A última estreia desta semana nos cinemas em Nova Friburgo é Eles Vão Te Matar. Se você gosta de terror, esse filme vai te atropelar nos primeiros minutos. O diretor russo Kirill Sokolov traz para as telas a mesma energia hiperativa e violenta que o colocou no mapa com Sem Reservas, transformando uma premissa de “sobrevivência em comunidade fechada” em um espetáculo de gore cartunesco e humor ácido. Aqui, o roteiro não perde tempo com sutilezas, ele joga o espectador em uma armadilha tecnológica onde a elite descobre, da pior forma, que sua segurança digital é de papel. Sokolov dirige como se estivesse operando uma metralhadora de referências. A estética é saturada, vibrante, quase solar, o que torna a brutalidade física ainda mais desconfortável. Ele foge do óbvio ao usar ângulos de câmera impossíveis e uma montagem que dita um ritmo de videoclipe psicótico. No entanto, essa obsessão pelo impacto visual cobra seu preço. Em vários momentos, o filme sacrifica a humanidade dos personagens em favor de uma execução criativa. As vítimas viram meros adereços de cena, o que gera um distanciamento emocional; você admira a técnica da morte, mas não lamenta por quem morre. A fotografia abusa das cores primárias para criar uma claustrofobia estilizada. O longa flerta perigosamente com diretores como Sam Raimi, faltando-lhe, em certos atos, uma identidade visual que não dependa tanto de seus ídolos. O elenco entrega uma performance física exaustiva, mas luta contra um roteiro que se sustenta em conveniências narrativas frágeis e reviravoltas que, no terceiro ato, beiram o absurdo gratuito. A suspensão de descrença aqui não é opcional, é obrigatória para não abandonar a trama no meio do caminho. Para quem busca o horror técnico e visceral, o trabalho de maquiagem e efeitos práticos é um prato cheio. Eles Vão Te Matar é um soco no estômago de quem procura camadas psicológicas profundas, entregando em troca uma jornada sensorial de adrenalina pura. É cinema de gênero levado ao limite da histeria. Vale o ingresso e a indicação etária para maiores de 18 anos.

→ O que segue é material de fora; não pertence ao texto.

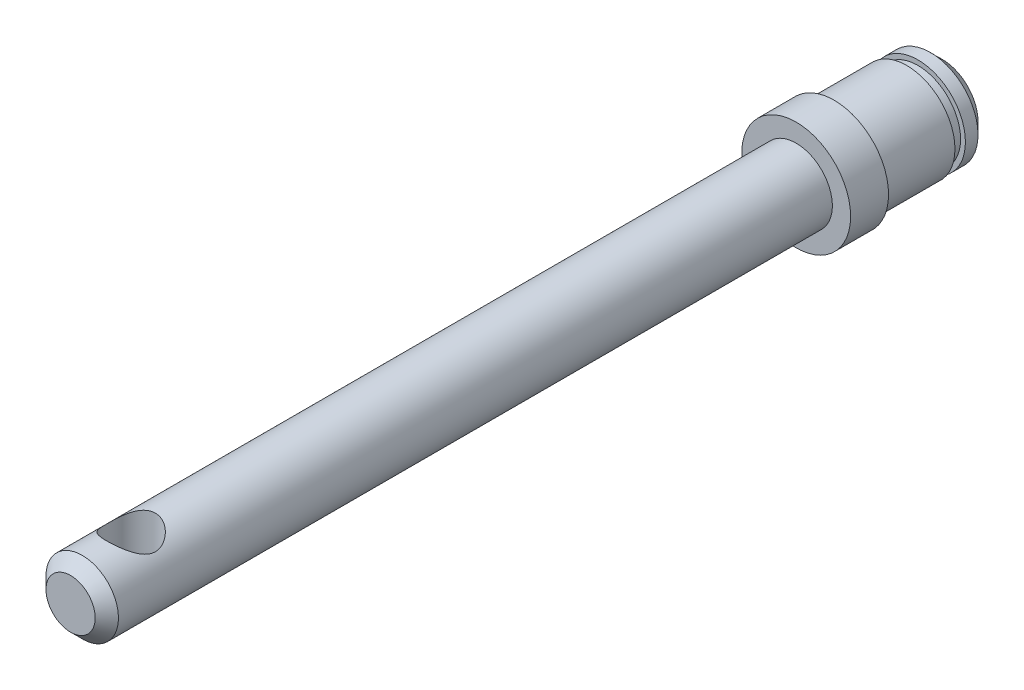
ISO-10303-21;
HEADER;
FILE_DESCRIPTION(('STEP AP214'),'2;1');
FILE_NAME('part.step','',(''),(''),'','','');
FILE_SCHEMA(('AUTOMOTIVE_DESIGN { 1 0 10303 214 1 1 1 1 }'));
ENDSEC;
DATA;
#1=APPLICATION_CONTEXT('core data for automotive mechanical design processes');
#2=APPLICATION_PROTOCOL_DEFINITION('international standard','automotive_design',2000,#1);
#3=PRODUCT_CONTEXT('',#1,'mechanical');
#4=PRODUCT('Part','Part','',(#3));
#5=PRODUCT_RELATED_PRODUCT_CATEGORY('part','',(#4));
#6=PRODUCT_DEFINITION_FORMATION('','',#4);
#7=PRODUCT_DEFINITION_CONTEXT('part definition',#1,'design');
#8=PRODUCT_DEFINITION('design','',#6,#7);
#9=PRODUCT_DEFINITION_SHAPE('','',#8);
#10=(LENGTH_UNIT() NAMED_UNIT(*) SI_UNIT(.MILLI.,.METRE.));
#11=(NAMED_UNIT(*) PLANE_ANGLE_UNIT() SI_UNIT($,.RADIAN.));
#12=(NAMED_UNIT(*) SI_UNIT($,.STERADIAN.) SOLID_ANGLE_UNIT());
#13=UNCERTAINTY_MEASURE_WITH_UNIT(LENGTH_MEASURE(1.E-05),#10,'distance_accuracy_value','');
#14=(GEOMETRIC_REPRESENTATION_CONTEXT(3) GLOBAL_UNCERTAINTY_ASSIGNED_CONTEXT((#13)) GLOBAL_UNIT_ASSIGNED_CONTEXT((#10,
#11,#12)) REPRESENTATION_CONTEXT('',''));
#15=CARTESIAN_POINT('',(0.,0.,0.));
#16=DIRECTION('',(0.,0.,1.));
#17=DIRECTION('',(1.,0.,0.));
#18=AXIS2_PLACEMENT_3D('',#15,#16,#17);
#19=CARTESIAN_POINT('',(0.,0.,-9.5758));
#20=DIRECTION('',(0.,0.,-1.));
#21=DIRECTION('',(-1.,0.,0.));
#22=AXIS2_PLACEMENT_3D('',#19,#20,#21);
#23=PLANE('',#22);
#24=CARTESIAN_POINT('',(0.,0.,-9.57579999993641));
#25=DIRECTION('',(0.,0.,1.));
#26=DIRECTION('',(1.,0.,0.));
#27=AXIS2_PLACEMENT_3D('',#24,#25,#26);
#28=CIRCLE('',#27,2.3494999999798);
#29=CARTESIAN_POINT('',(2.3494999999798,0.,-9.57579999993641));
#30=VERTEX_POINT('',#29);
#31=EDGE_CURVE('E19',#30,#30,#28,.T.);
#32=ORIENTED_EDGE('',*,*,#31,.F.);
#33=EDGE_LOOP('',(#32));
#34=FACE_BOUND('',#33,.T.);
#35=ADVANCED_FACE('F16',(#34),#23,.T.);
#36=CARTESIAN_POINT('',(0.,0.,-8.81380000009813));
#37=DIRECTION('',(0.,0.,1.));
#38=DIRECTION('',(1.,0.,0.));
#39=AXIS2_PLACEMENT_3D('',#36,#37,#38);
#40=CONICAL_SURFACE('',#39,3.11149999987492,0.785398163434747);
#41=ORIENTED_EDGE('',*,*,#31,.T.);
#42=EDGE_LOOP('',(#41));
#43=FACE_BOUND('',#42,.T.);
#44=CARTESIAN_POINT('',(0.,0.,-8.8138));
#45=DIRECTION('',(0.,0.,1.));
#46=DIRECTION('',(1.,0.,0.));
#47=AXIS2_PLACEMENT_3D('',#44,#45,#46);
#48=CIRCLE('',#47,3.1115);
#49=CARTESIAN_POINT('',(3.1115,0.,-8.8138));
#50=VERTEX_POINT('',#49);
#51=EDGE_CURVE('E35',#50,#50,#48,.T.);
#52=ORIENTED_EDGE('',*,*,#51,.F.);
#53=EDGE_LOOP('',(#52));
#54=FACE_BOUND('',#53,.T.);
#55=ADVANCED_FACE('F81',(#43,#54),#40,.T.);
#56=CARTESIAN_POINT('',(0.,0.,-9.5758));
#57=DIRECTION('',(0.,0.,1.));
#58=DIRECTION('',(1.,0.,0.));
#59=AXIS2_PLACEMENT_3D('',#56,#57,#58);
#60=CYLINDRICAL_SURFACE('',#59,3.1115);
#61=ORIENTED_EDGE('',*,*,#51,.T.);
#62=EDGE_LOOP('',(#61));
#63=FACE_BOUND('',#62,.T.);
#64=CARTESIAN_POINT('',(0.,0.,-7.9883));
#65=DIRECTION('',(0.,0.,1.));
#66=DIRECTION('',(1.,0.,0.));
#67=AXIS2_PLACEMENT_3D('',#64,#65,#66);
#68=CIRCLE('',#67,3.1115);
#69=CARTESIAN_POINT('',(3.1115,0.,-7.9883));
#70=VERTEX_POINT('',#69);
#71=EDGE_CURVE('E71',#70,#70,#68,.F.);
#72=ORIENTED_EDGE('',*,*,#71,.T.);
#73=EDGE_LOOP('',(#72));
#74=FACE_BOUND('',#73,.T.);
#75=ADVANCED_FACE('F88',(#63,#74),#60,.T.);
#76=CARTESIAN_POINT('',(0.,0.,-7.9883));
#77=DIRECTION('',(0.,0.,-1.));
#78=DIRECTION('',(-1.,0.,0.));
#79=AXIS2_PLACEMENT_3D('',#76,#77,#78);
#80=PLANE('',#79);
#81=CARTESIAN_POINT('',(0.,0.,-7.9883));
#82=DIRECTION('',(0.,0.,1.));
#83=DIRECTION('',(1.,0.,0.));
#84=AXIS2_PLACEMENT_3D('',#81,#82,#83);
#85=CIRCLE('',#84,2.794);
#86=CARTESIAN_POINT('',(2.794,0.,-7.9883));
#87=VERTEX_POINT('',#86);
#88=EDGE_CURVE('E69',#87,#87,#85,.T.);
#89=ORIENTED_EDGE('',*,*,#88,.F.);
#90=EDGE_LOOP('',(#89));
#91=FACE_BOUND('',#90,.T.);
#92=ORIENTED_EDGE('',*,*,#71,.F.);
#93=EDGE_LOOP('',(#92));
#94=FACE_BOUND('',#93,.T.);
#95=ADVANCED_FACE('F92',(#91,#94),#80,.F.);
#96=CARTESIAN_POINT('',(0.,0.,-7.9883));
#97=DIRECTION('',(0.,0.,1.));
#98=DIRECTION('',(1.,0.,0.));
#99=AXIS2_PLACEMENT_3D('',#96,#97,#98);
#100=CYLINDRICAL_SURFACE('',#99,2.794);
#101=CARTESIAN_POINT('',(0.,0.,-7.2517));
#102=DIRECTION('',(0.,0.,1.));
#103=DIRECTION('',(1.,0.,0.));
#104=AXIS2_PLACEMENT_3D('',#101,#102,#103);
#105=CIRCLE('',#104,2.794);
#106=CARTESIAN_POINT('',(2.794,0.,-7.2517));
#107=VERTEX_POINT('',#106);
#108=EDGE_CURVE('E66',#107,#107,#105,.T.);
#109=ORIENTED_EDGE('',*,*,#108,.F.);
#110=EDGE_LOOP('',(#109));
#111=FACE_BOUND('',#110,.T.);
#112=ORIENTED_EDGE('',*,*,#88,.T.);
#113=EDGE_LOOP('',(#112));
#114=FACE_BOUND('',#113,.T.);
#115=ADVANCED_FACE('F97',(#111,#114),#100,.T.);
#116=CARTESIAN_POINT('',(0.,0.,-7.2517));
#117=DIRECTION('',(0.,0.,-1.));
#118=DIRECTION('',(-1.,0.,0.));
#119=AXIS2_PLACEMENT_3D('',#116,#117,#118);
#120=PLANE('',#119);
#121=ORIENTED_EDGE('',*,*,#108,.T.);
#122=EDGE_LOOP('',(#121));
#123=FACE_BOUND('',#122,.T.);
#124=CARTESIAN_POINT('',(0.,0.,-7.2517));
#125=DIRECTION('',(0.,0.,1.));
#126=DIRECTION('',(1.,0.,0.));
#127=AXIS2_PLACEMENT_3D('',#124,#125,#126);
#128=CIRCLE('',#127,3.1623);
#129=CARTESIAN_POINT('',(3.1623,0.,-7.2517));
#130=VERTEX_POINT('',#129);
#131=EDGE_CURVE('E63',#130,#130,#128,.T.);
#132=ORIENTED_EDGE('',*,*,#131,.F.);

A dica desta semana para assistir em casa vai para Peaky Blinders: O Homem Imortal. Chega ao fim a saga de Thomas Shelby transpondo a névoa de Birmingham para a escala épica da Segunda Guerra Mundial. O roteiro de Steven Knight entrega uma conclusão visceral, priorizando o impacto tátil de efeitos práticos em detrimento do CGI genérico nas sequências de combate. A direção utiliza planos abertos e uma paleta metálica para reforçar o isolamento psicológico do protagonista, interpretado por um Cillian Murphy terminal e contido. Embora flerte com o fan service em núcleos secundários, a obra sustenta a tensão entre o misticismo cigano e o realismo bruto do conflito. É uma resolução técnica impecável para um dos anti-heróis mais complexos da década. Disponível na Netflix.